Le risorse di petrolio e gas dimenticate della Palestina

Sarà necessaria un’equa distribuzione delle risorse di petrolio e gas nel bacino del Levante per raggiungere un duraturo accordo politico ed economico tra Israele e Palestina.

Fonte: English version


Foto di copertina: Una bandiera israeliana sventola sul giacimento di petrolio e gas naturale di Meged. Israele dice che il campo si trova a ovest della linea dell’armistizio del 1948, ma la maggior parte del bacino si trova sotto il territorio palestinese occupato dal 1967 (Foto: David Silverman/Getty Images)

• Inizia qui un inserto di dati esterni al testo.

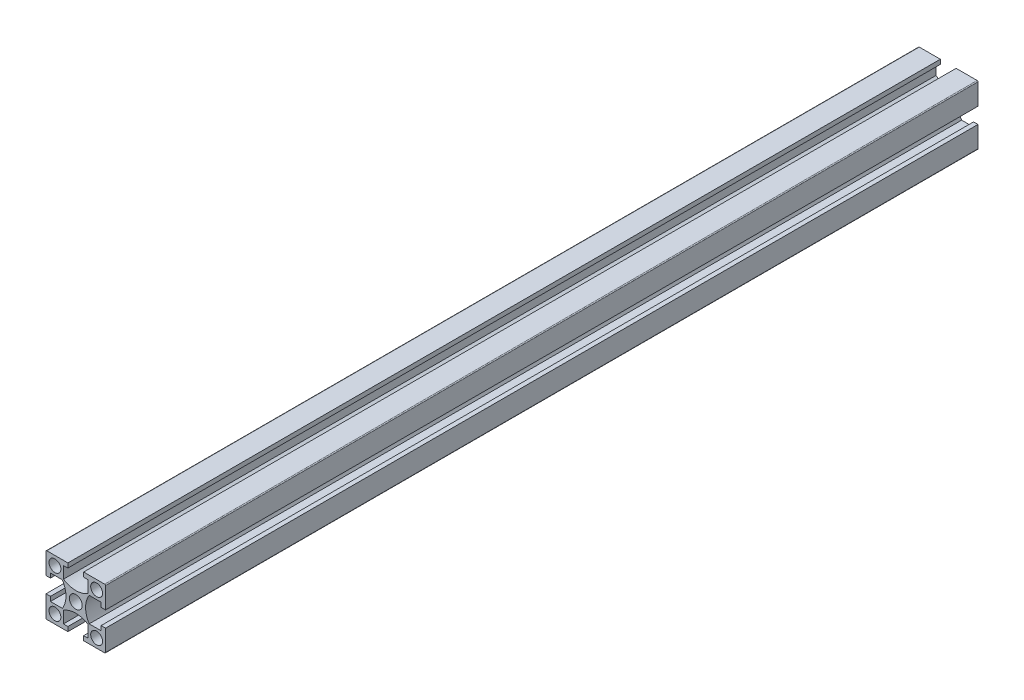
SolidWorks part; units mm, degrees
ref_plane "정면" through (0, 0, 0) normal (0, 0, 1) x (1, 0, 0)
ref_plane "윗면" through (0, 0, 0) normal (0, 1, 0) x (1, 0, 0)
ref_plane "우측면" through (0, 0, 0) normal (1, 0, 0) x (0, 0, -1)
sketch "스케치1" plane through (0, 0, 0) normal (0, 0, 1) x (1, 0, 0)
  line L0 (0, 32.0265) -> (0, -31.6588) construction
  line L1 (-10, 10) -> (-10, -10)
  line L2 (-10, 10) -> (10, 10)
  line L3 (-10, 2.65) -> (-8.5, 2.65)
  line L4 (13.6618, 0) -> (-11.6993, 0) construction
  line L5 (-8.5, 2.65) -> (-8.5, 4.15)
  line L6 (-8.5, 4.15) -> (-4.5032, 4.15)
  line L7 (-10, -2.65) -> (-8.5, -2.65)
  line L8 (-8.5, -2.65) -> (-8.5, -4.15)
  line L9 (-8.5, -4.15) -> (-4.5032, -4.15)
  line L10 (-10, -10) -> (10, -10)
  line L11 (10, 10) -> (10, -10)
  circle A0 centre (-7, 7) radius 2
  circle A1 centre (-7, -7) radius 2
  arc A2 (-4.5032, 4.15) -> (-4.5032, -4.15) centre (-11.0587, 0) cw
  circle A3 centre (0, 0) radius 2.15
  circle A4 centre (7, 7) radius 2
  circle A5 centre (7, -7) radius 2
  point P21 (-10, 0)
  point P23 (-3.3, 0)
  point P31 (0, -10)
  point P32 (0, 10)
  dimension "D3" = 4
  dimension "D9" = 6.7
  dimension "D10" = 4.3
  dimension "D11" = 7.7587
  dimension "D1" = 20
  dimension "D2" = 20
  dimension "D4" = 14
  dimension "D5" = 14
  dimension "D6" = 5.3
  dimension "D7" = 8.3
  dimension "D8" = 1.5
extrude "보스-돌출1" add sketch "스케치1" along normal blind 293 contours A0 | A4 | A3 | A5 | A1 | A2 L6 L5 L3 L1 L7 L8 L9 | L2 L11 L10 L1 region at (-6.6069, 0, 0) region at (-7, 7, 0) region at (-7, -7, 0) region at (0, 0, 0) region at (7, 7, 0) region at (7, -7, 0)
extrude "컷-돌출1" cut sketch "스케치1<3>" along normal up to next contours A2 L6 L5 L3 L1 L7 L8 L9 region at (-6.6069, 0, 0)
sketch "스케치1<3>" plane through (0, 0, 0) normal (0, 0, 1) x (1, 0, 0) same geometry as "스케치1"
pattern_circular "원형 패턴1" count 4 over 360 about axis through (0, 0, 293) along (0, 0, -1) of "컷-돌출1" reverse direction yes
fillet "필렛1" radius 0.3 4 edges at (10, -10, 146.5) (-10, -10, 146.5) (-10, 10, 146.5) (10, 10, 146.5)
sketch "스케치2" plane through (0, 0, 0) normal (1, 0, 0) x (0, 0, -1)
  circle A0 centre (-25, 0) radius 2.5
  dimension "D1" = 5
  dimension "D2" = 25
extrude "컷-돌출2" cut sketch "스케치2" against normal through all both and the other way through all
sketch "스케치4" plane through (0, 10, 0) normal (0, 1, 0) x (1, 0, 0)
  line L0 (0, -11) -> (0, 11) construction
  line L2 (2.65, -293) -> (9.7, -293) construction
  line L3 (-2.65, -106.62) -> (2.65, -106.62) construction
  line L4 (-2.65, -293) -> (-2.65, 0) construction
  line L5 (2.65, -293) -> (2.65, 0) construction
  line L6 (2.65, 0) -> (9.7, 0) construction
  circle A1 centre (0, -282) radius 2.5
  circle A2 centre (0, -127.62) radius 2.5
  circle A3 centre (0, -85.62) radius 2.5
  dimension "D1" = 21
  dimension "D2" = 11
  dimension "D3" = 106.62
  dimension "D4" = 21
extrude "컷-돌출3" cut sketch "스케치4" against normal through all
sketch "스케치6" plane through (0, 10, 0) normal (0, 1, 0) x (1, 0, 0)
  line L0 (0, -11) -> (0, 11) construction
  line L1 (4.15, 0) -> (-4.15, 0) construction
  circle A0 centre (0, -236.9) radius 2.15
  circle A1 centre (0, -184.9) radius 2.15
  circle A2 centre (0, -10.15) radius 1.9797
  circle A3 centre (0, -62.15) radius 2.15
  dimension "D1" = 56.1
  dimension "D2" = 52
  dimension "D4" = 52
  dimension "D3" = 10.15
extrude "컷-돌출4" cut sketch "스케치6" against normal through all
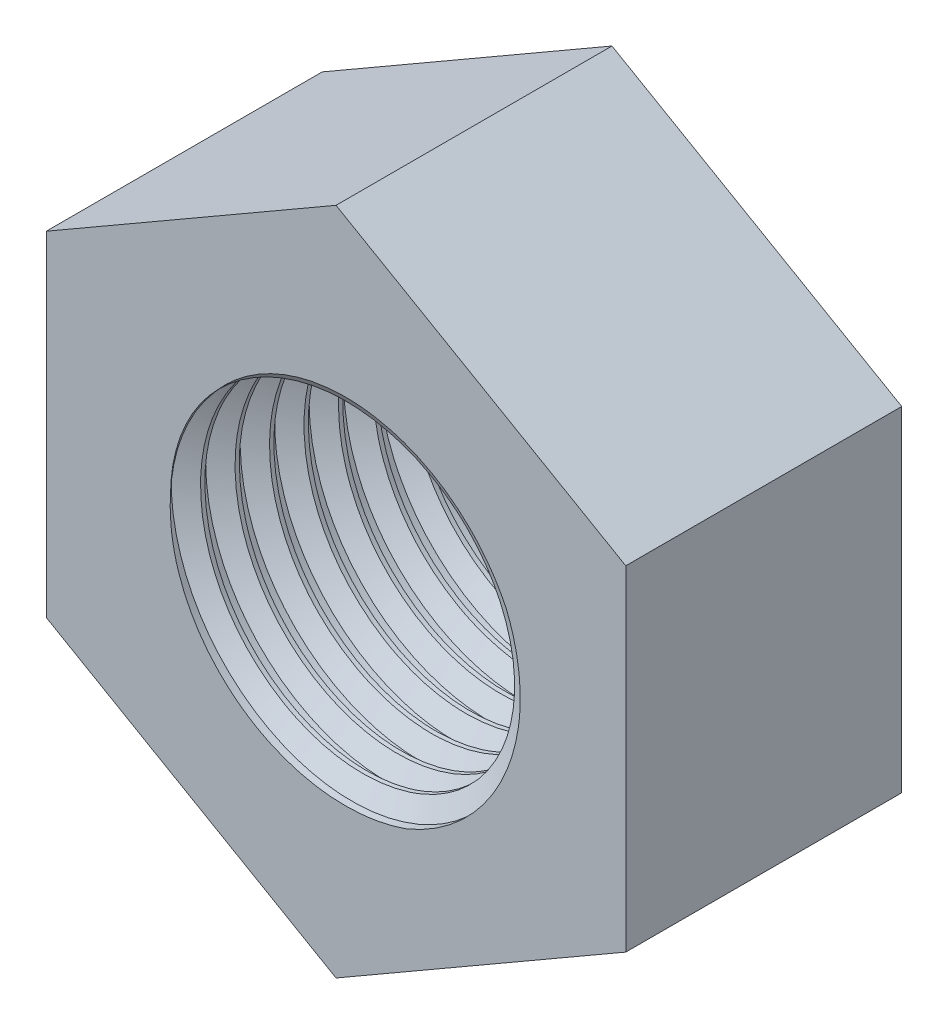
SolidWorks part; units mm, degrees
material "Cobalt"
ref_plane "Front Plane" through (0, 0, 0) normal (0, 0, 1) x (1, 0, 0)
ref_plane "Top Plane" through (0, 0, 0) normal (0, 1, 0) x (1, 0, 0)
ref_plane "Right Plane" through (0, 0, 0) normal (1, 0, 0) x (0, 0, -1)
sketch "Sketch1" plane through (0, 0, 0) normal (0, 0, 1) x (1, 0, 0)
  line L1 (0, -12.1244) -> (10.5, -6.0622)
  line L2 (10.5, -6.0622) -> (10.5, 6.0622)
  line L3 (10.5, 6.0622) -> (0, 12.1244)
  line L4 (0, 12.1244) -> (-10.5, 6.0622)
  line L5 (-10.5, 6.0622) -> (-10.5, -6.0622)
  line L6 (-10.5, -6.0622) -> (0, -12.1244)
  circle A0 centre (0, 0) radius 10.5 construction
  circle A1 centre (0, 0) radius 6
  dimension "D2" = 12
  dimension "D1" = 21
extrude "Boss-Extrude1" add sketch "Sketch1" along normal blind 10
thread "Thread1" pitch 1.25 method cut profile "Thread Profile1" start angle 0, offset 5, length 35, pitch 1.25, diameter 12
ref_plane "Plane1" through (-6, 0, 15) normal (0, 1, 0) x (1, 0, 0)
sketch "Thread Profile1" plane through (-6, 0, 15) normal (0, 1, 0) x (1, 0, 0)
  line L0 (0, 0) -> (0, 1.25) construction
  line L11 (0, 0) -> (0, 1.0937)
  line L12 (0, 1.0937) -> (-0.6766, 0.7031)
  line L13 (-0.6766, 0.7031) -> (-0.6766, 0.3906)
  line L15 (-0.6766, 0.3906) -> (0, 0)
  line L17 (-0.6766, 0.5469) -> (0, 0.5469) construction
  point P2 (0, 0)
  dimension "Pitch" = 1.25
  dimension "Profile_Angle" = 60
  dimension "Profile_Land" = 0.3125
  dimension "Profile_Height" = 0.6766
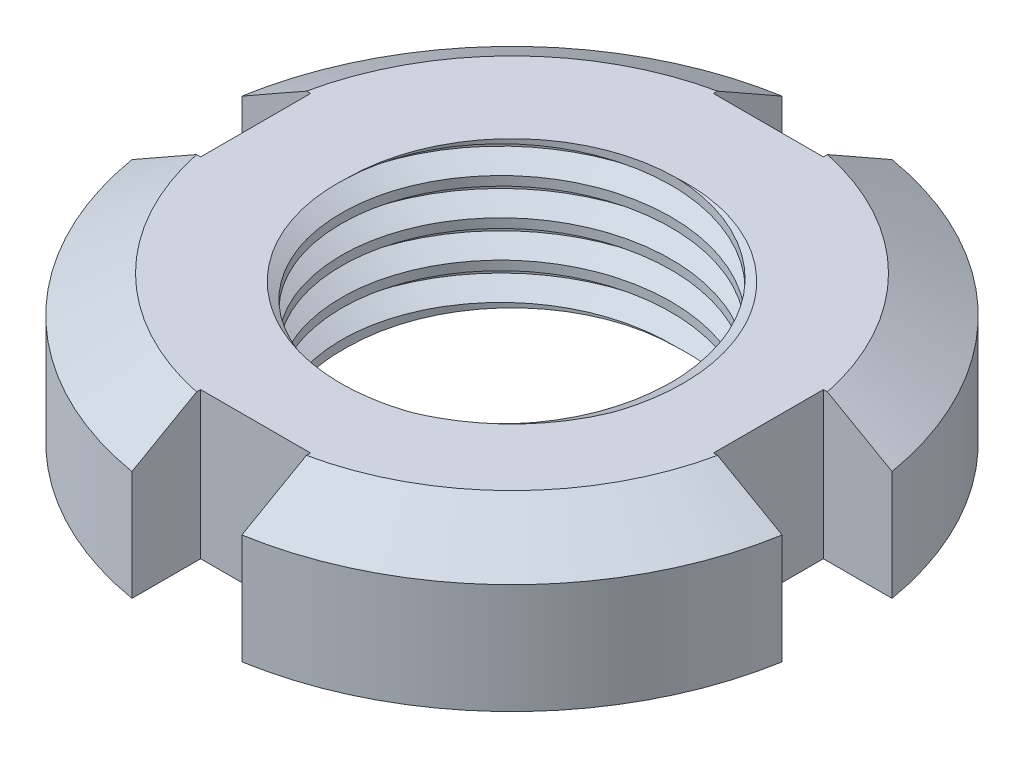
SolidWorks part; units mm, degrees
ref_plane "Front Plane" through (0, 0, 0) normal (0, 0, 1) x (1, 0, 0)
ref_plane "Top Plane" through (0, 0, 0) normal (0, 1, 0) x (1, 0, 0)
ref_plane "Right Plane" through (0, 0, 0) normal (1, 0, 0) x (0, 0, -1)
sketch "Sketch1" plane through (0, 0, 0) normal (0, 1, 0) x (1, 0, 0)
  line L0 (-7, 0) -> (0, 0) construction
  line L1 (-9, 1.5) -> (-7, 1.5)
  line L2 (-9, 1.5) -> (-9, -1.5)
  line L3 (-9, -1.5) -> (-7, -1.5)
  line L4 (-7, 1.5) -> (-7, -1.5)
  line L5 (9, 1.5) -> (7, 1.5)
  line L6 (9, 1.5) -> (9, -1.5)
  line L7 (9, -1.5) -> (7, -1.5)
  line L8 (7, 1.5) -> (7, -1.5)
  line L9 (0, 0) -> (7, 0) construction
  line L10 (1.5, 9) -> (-1.5, 9)
  line L11 (1.5, 9) -> (1.5, 7)
  line L12 (1.5, 7) -> (-1.5, 7)
  line L13 (-1.5, 9) -> (-1.5, 7)
  line L14 (1.5, -9) -> (-1.5, -9)
  line L15 (1.5, -9) -> (1.5, -7)
  line L16 (1.5, -7) -> (-1.5, -7)
  line L17 (-1.5, -9) -> (-1.5, -7)
  line L18 (9, -1.5) -> (9, 1.5)
  line L19 (9, -1.5) -> (7, -1.5)
  line L20 (7, -1.5) -> (7, 1.5)
  line L21 (9, 1.5) -> (7, 1.5)
  line L22 (-9, -1.5) -> (-9, 1.5)
  line L23 (-9, -1.5) -> (-7, -1.5)
  line L24 (-7, -1.5) -> (-7, 1.5)
  line L25 (-9, 1.5) -> (-7, 1.5)
  line L26 (-1.5, -9) -> (1.5, -9)
  line L27 (-1.5, -9) -> (-1.5, -7)
  line L28 (-1.5, -7) -> (1.5, -7)
  line L29 (1.5, -9) -> (1.5, -7)
  line L30 (-1.5, 9) -> (1.5, 9)
  line L31 (-1.5, 9) -> (-1.5, 7)
  line L32 (-1.5, 7) -> (1.5, 7)
  line L33 (1.5, 9) -> (1.5, 7)
  circle A0 centre (0, 0) radius 4.5
  circle A1 centre (0, 0) radius 9
  point P41 (0, 0)
  dimension "D1" = 9
  dimension "D2" = 18
  dimension "D3" = 14
  dimension "D4" = 3
  dimension "D5" = 4
extrude "Boss-Extrude1" add sketch "Sketch1" along normal blind 4 contours L29 A1 L19 L8 L21 L33 L12 L31 L25 L4 L23 L27 L16 A0 region at (-6.1865, 0, -6.1865)
chamfer "Chamfer1" distance 1 angle 60 4 edges at (-6.364, 4, 6.364) (-6.364, 4, -6.364) (6.364, 4, -6.364) (6.364, 4, 6.364) first distance on face at (-5.7755, 2, 5.7755) first distance on face at (-5.7755, 2, -5.7755) first distance on face at (5.7755, 2, -5.7755) first distance on face at (5.7755, 2, 5.7755)
thread "Thread1" pitch 1 method cut profile "Thread Profile1" start angle 0, offset 3, length 10, pitch 1, diameter 9
ref_plane "Plane1" through (-4.5, 7, 0) normal (0, 0, 1) x (-1, 0, 0)
sketch "Thread Profile1" plane through (-4.5, 7, 0) normal (0, 0, 1) x (-1, 0, 0)
  line L0 (0, 0) -> (0, 1) construction
  line L1 (0, 0) -> (0.5413, 0.3125)
  line L2 (0.5413, 0.3125) -> (0.5413, 0.4375)
  line L3 (0.5413, 0.4375) -> (0, 0.75)
  line L4 (0.5413, 0.375) -> (0, 0.375) construction
  line L11 (0, 0) -> (0, 0.75)
  point P2 (0, 0)
  dimension "Pitch" = 1
  dimension "Profile_Angle" = 60
  dimension "Profile_Land" = 0.125
  dimension "Profile_Height" = 0.5413

Di Mahmoud Elkhafif – 21 giu 2021

 

Dopo l’ultima operazione militare di Israele e la conseguente massiccia devastazione a Gaza, la comunità internazionale ha promesso centinaia di milioni di dollari per aiutare la ricostruzione della Striscia. Tuttavia, una fine duratura del conflitto tra Israele e Palestina non sarà possibile senza investimenti a lungo termine nello sviluppo economico e umano della Palestina, pari a miliardi di dollari all’anno.

Un mezzo trascurato per generare queste entrate sarebbe quello di destinare alla Palestina la sua giusta quota di benefici delle riserve di petrolio e gas naturale nei territori occupati e nel Mediterraneo orientale, che sono attualmente sfruttati solo da Israele.

Un recente studio della Conferenza delle Nazioni Unite sul Commercio e lo Sviluppo (UNCTAD) sottolinea che le nuove scoperte di gas naturale nel bacino del Levante sono nell’ordine di 122 trilioni di piedi cubi (35.300 piedi / 1 metro cubo), mentre il petrolio recuperabile è stimato a 1,7 miliardi di barili (1 barile=159 litri). Queste riserve offrono l’opportunità di distribuire e condividere circa 524 miliardi di dollari (440 miliardi di euro) tra le diverse parti della regione.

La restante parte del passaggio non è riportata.